Anyone can sign up to receive Air Quality Alerts directly to their e-mail, and it is very important to some families. A local resident named Adam had this to say:

“Our air quality story begins with our son, Finn. He was born early with ‘cloudy’ lungs and spent 16 days in the NICU while learning to breathe. Never have we cared more about air quality than when our son first breathed it on his own. We are constantly checking air quality and worrying about how he will respond.”
Adam, Local Resident

MORPC works closely with local health agencies, the news media, and other local meteorologists to help spread the message when an Air Quality Alert is issued. Many people have noticed the dynamic messaging signs along area highways, which often notify drivers of Air Quality Alerts.

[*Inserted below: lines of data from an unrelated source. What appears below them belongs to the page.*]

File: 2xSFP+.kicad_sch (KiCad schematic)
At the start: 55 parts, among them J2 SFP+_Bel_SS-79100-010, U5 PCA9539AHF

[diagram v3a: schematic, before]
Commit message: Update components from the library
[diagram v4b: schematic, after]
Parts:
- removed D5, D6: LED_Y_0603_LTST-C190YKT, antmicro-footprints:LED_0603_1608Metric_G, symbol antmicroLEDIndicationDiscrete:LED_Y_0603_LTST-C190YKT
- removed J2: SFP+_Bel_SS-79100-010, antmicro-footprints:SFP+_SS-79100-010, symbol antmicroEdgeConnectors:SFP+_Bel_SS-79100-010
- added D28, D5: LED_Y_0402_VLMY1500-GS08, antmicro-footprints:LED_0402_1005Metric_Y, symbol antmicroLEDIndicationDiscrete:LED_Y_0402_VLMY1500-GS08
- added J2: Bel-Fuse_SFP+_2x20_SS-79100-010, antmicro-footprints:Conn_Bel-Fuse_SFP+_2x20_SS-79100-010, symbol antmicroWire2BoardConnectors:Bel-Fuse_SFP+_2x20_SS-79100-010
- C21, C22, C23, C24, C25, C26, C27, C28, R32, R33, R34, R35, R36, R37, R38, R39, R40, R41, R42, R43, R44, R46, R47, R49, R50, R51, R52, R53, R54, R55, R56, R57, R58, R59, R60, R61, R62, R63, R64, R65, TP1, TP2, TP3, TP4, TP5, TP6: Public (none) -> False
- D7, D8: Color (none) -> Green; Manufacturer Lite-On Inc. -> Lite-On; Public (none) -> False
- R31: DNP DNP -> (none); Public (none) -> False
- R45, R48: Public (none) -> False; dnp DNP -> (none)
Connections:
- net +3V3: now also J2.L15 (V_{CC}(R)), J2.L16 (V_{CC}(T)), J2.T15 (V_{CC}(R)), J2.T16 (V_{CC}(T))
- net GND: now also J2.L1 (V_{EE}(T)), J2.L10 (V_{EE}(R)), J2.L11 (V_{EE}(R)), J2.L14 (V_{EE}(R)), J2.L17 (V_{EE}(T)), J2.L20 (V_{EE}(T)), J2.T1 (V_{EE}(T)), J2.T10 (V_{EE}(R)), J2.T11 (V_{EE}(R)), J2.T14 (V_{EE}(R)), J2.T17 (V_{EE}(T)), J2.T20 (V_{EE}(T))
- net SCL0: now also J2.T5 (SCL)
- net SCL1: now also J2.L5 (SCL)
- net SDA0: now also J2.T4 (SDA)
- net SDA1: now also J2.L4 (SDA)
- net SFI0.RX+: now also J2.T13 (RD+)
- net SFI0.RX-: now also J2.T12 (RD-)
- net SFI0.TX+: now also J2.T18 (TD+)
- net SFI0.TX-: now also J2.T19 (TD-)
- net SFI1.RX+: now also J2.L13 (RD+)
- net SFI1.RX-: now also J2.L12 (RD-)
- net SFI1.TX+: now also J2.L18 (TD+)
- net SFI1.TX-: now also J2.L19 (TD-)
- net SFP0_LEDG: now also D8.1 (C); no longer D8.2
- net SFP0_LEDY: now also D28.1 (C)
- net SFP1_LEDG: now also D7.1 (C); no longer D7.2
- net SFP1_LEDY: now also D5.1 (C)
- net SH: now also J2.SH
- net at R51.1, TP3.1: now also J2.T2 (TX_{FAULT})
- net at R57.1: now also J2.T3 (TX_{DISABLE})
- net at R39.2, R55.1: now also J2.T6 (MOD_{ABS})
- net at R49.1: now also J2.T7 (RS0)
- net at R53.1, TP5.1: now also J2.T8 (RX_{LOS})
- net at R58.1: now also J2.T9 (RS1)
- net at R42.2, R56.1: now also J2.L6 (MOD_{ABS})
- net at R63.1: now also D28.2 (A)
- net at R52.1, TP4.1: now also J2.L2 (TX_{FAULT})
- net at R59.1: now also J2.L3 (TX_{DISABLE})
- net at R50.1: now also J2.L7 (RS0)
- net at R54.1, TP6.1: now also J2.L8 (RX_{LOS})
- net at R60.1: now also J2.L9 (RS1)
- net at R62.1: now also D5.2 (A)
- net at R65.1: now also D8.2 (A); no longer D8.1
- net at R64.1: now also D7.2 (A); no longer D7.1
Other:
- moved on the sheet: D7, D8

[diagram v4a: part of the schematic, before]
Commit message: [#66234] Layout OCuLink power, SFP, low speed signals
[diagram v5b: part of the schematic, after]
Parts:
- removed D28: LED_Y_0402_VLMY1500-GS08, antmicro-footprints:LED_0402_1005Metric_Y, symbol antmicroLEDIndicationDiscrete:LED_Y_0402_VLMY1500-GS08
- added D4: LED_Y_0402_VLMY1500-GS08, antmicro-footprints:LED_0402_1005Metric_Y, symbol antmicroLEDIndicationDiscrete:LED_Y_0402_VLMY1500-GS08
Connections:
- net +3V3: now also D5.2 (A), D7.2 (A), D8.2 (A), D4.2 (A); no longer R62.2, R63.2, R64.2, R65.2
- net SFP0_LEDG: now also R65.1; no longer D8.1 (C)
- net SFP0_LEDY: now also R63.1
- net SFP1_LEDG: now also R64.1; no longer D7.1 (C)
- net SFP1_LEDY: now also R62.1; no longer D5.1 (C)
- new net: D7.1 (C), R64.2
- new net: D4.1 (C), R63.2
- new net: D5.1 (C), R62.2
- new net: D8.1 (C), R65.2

Ground-level ozone is a colorless, odorless gas produced when emissions from vehicles, lawn equipment and industry combine in the presence of sunlight. Particle pollution is a mixture of solids and liquid droplets that vary in size, and its sources include motor vehicle exhaust, power plants, and industrial facilities.

People with asthma are more likely to suffer an increase in the number and severity of symptoms on days when an Air Quality Alert is issued. Those who are active outdoors should be aware of respiratory or cardiovascular effects from unhealthy air including coughing, shortness of breath, and chest tightness. Pollution levels are generally lower during morning or evening hours, making then a better time for outdoor activities.

MORPC encourages those in the region to take steps to reduce emissions by considering different ways of commuting such as carpooling and taking the bus. With MORPC’s Gohio Commute, residents can explore the many commuting options available in Central Ohio.  Other simple actions to take include not idling your vehicle, refueling after dark, and avoiding the use of gas powered lawn equipment on Air Quality Alert days.